[Tribune] *Par Dominique Lebrun
À M. Richard RAMOS
Député du Loiret
Orléans, le 18 novembre 2020
Bonjour Richard,
Je me permets de t’interpeller au sujet de la proposition de loi «sécurité globale», en discussion actuellement à l’Assemblée Nationale. Parmi les nombreuses propositions dangereuses de ce texte, trois articles risquent de limiter la liberté de manifester dans des proportions injustifiables, liberté déjà fortement restreinte sur le terrain et de nouveau remise en cause par le Schéma national du maintien de l’ordre.
L’article 21 concerne les caméras portables qui, selon les rapporteurs du texte, devraient équiper « toutes les patrouilles de police et de gendarmerie […] dès juillet 2021 ». S’il est voté, le texte autorisera donc la transmission des flux vidéo au centre de commandement en temps réel. Cela permettra l’analyse automatisée des images, et notamment la reconnaissance faciale des manifestants et des passants, en lien avec les 8 millions de visages déjà enregistrés par la police dans ses divers fichiers.
Ces nouveaux pouvoirs ne sont justifiés par aucun argument sérieux en matière de protection de la population et ne s’inscrivent aucunement dans une doctrine de gestion pacifiée des foules. L’effet principal sera de faciliter de façon considérable des pratiques constatées depuis plusieurs années en manifestation, visant à harceler des opposants politiques notamment par des placements en « garde à vue préventive », par l’interdiction de rejoindre le cortège ou par des interpellations arbitraires non suivies de poursuites. Ces pratiques illicites seront d’autant plus facilement généralisées que l’identification des militants et des militantes sera automatisée.
L’article 22 autoriserait la surveillance par drones qui, selon le Conseil d’État, est actuellement interdite. Ici encore, la police n’a produit aucun argument démontrant qu’une telle surveillance protégerait la population.
En clair, le déploiement massif des caméras mobiles et des drones, couplés aux caméras fixes déjà existantes, entraînerait une capacité de surveillance généralisée de l’espace public, ne laissant plus aucune place à l’anonymat essentiel au respect du droit à la vie privée et ne pouvant avoir qu’un effet coercitif sur la liberté d’expression et de manifestation.
L’article 24 vise à empêcher la population et les journalistes de diffuser des images du visage ou de tout autre élément d’identification de fonctionnaire de police ou militaire de gendarmerie. Autrement dit, les images des violences commises par les forces de l’ordre ne pourront dès lors plus être diffusées. Une telle disposition serait contraire à la liberté de la presse, liberté qui se paie cher parfois… Les journalistes doivent travailler sans craindre en permanence la censure, c’est aussi une question de démocratie.

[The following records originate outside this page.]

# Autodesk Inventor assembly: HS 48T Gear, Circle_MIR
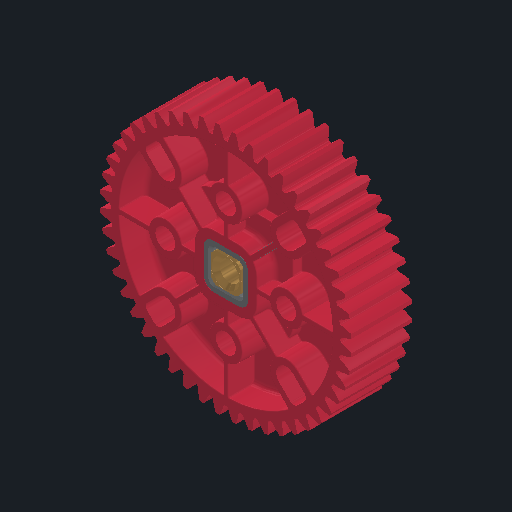
[picture p0: Inventor's stored thumbnail of the model, 512x512]
Saved by Autodesk Inventor 2026.2 (Build 302298000, 298)
## iProperties
Created: 2022-08-02
Part Number: HS 48T Gear, Circle_MIR
Document SubType Name: Assembly
Designer: sakin_wbdzdu1
Author: ylu12
## Documents named in this file (3)
- C:\Personal\Deprecated\VEX V5 Push Back\S-bot-two\CAD\VEX-CAD-Inventor-1.4.2\Motion\Gears\HS Gear\HS 48T Gear, Circle_MIR.iam
- C:\Personal\Deprecated\VEX V5 Push Back\S-bot-two\CAD\VEX-CAD-Inventor-1.4.2\Motion\HS Shaft Adapter Circle_MIR.ipt
- C:\Personal\Deprecated\VEX V5 Push Back\S-bot-two\CAD\VEX-CAD-Inventor-1.4.2\Motion\Gears\Reference Files\HS 48T Gear, No Insert_MIR.ipt
## Components (2 placed, 2 different names)
1. HS Shaft Adapter Circle_MIR:1 — Flush:1, Mate:2, Mate:1
2. HS 48T Gear, No Insert_MIR:1 — Mate:12, Mate:11, Flush:6
## Relationships (6: Mate 4, Flush 2)
- Flush:1 (-6.35 mm): HS Shaft Adapter Circle_MIR:1
- Mate:2: HS Shaft Adapter Circle_MIR:1
- Mate:1: HS Shaft Adapter Circle_MIR:1
- Mate:12: HS 48T Gear, No Insert_MIR:1
- Mate:11: HS 48T Gear, No Insert_MIR:1
- Flush:6: HS 48T Gear, No Insert_MIR:1

Aussi je souhaite vivement que tu t’opposes à ces trois dispositions qui réduisent la liberté fondamentale de manifester dans le seul but de faire taire la population et de mieux la surveiller.
Souhaitant que tu prennes en compte ces arguments, reçois Richard mes sincères salutations.
*Dominique Lebrun est facteur à Orléans centre ville depuis 1982, retraité, militant communiste depuis 1976, conseiller municipal d’Orléans de 2008 à 2014.
Richard Ramos (Modem) a fait savoir par retour qu’il ne voterait pas ce texte de loi.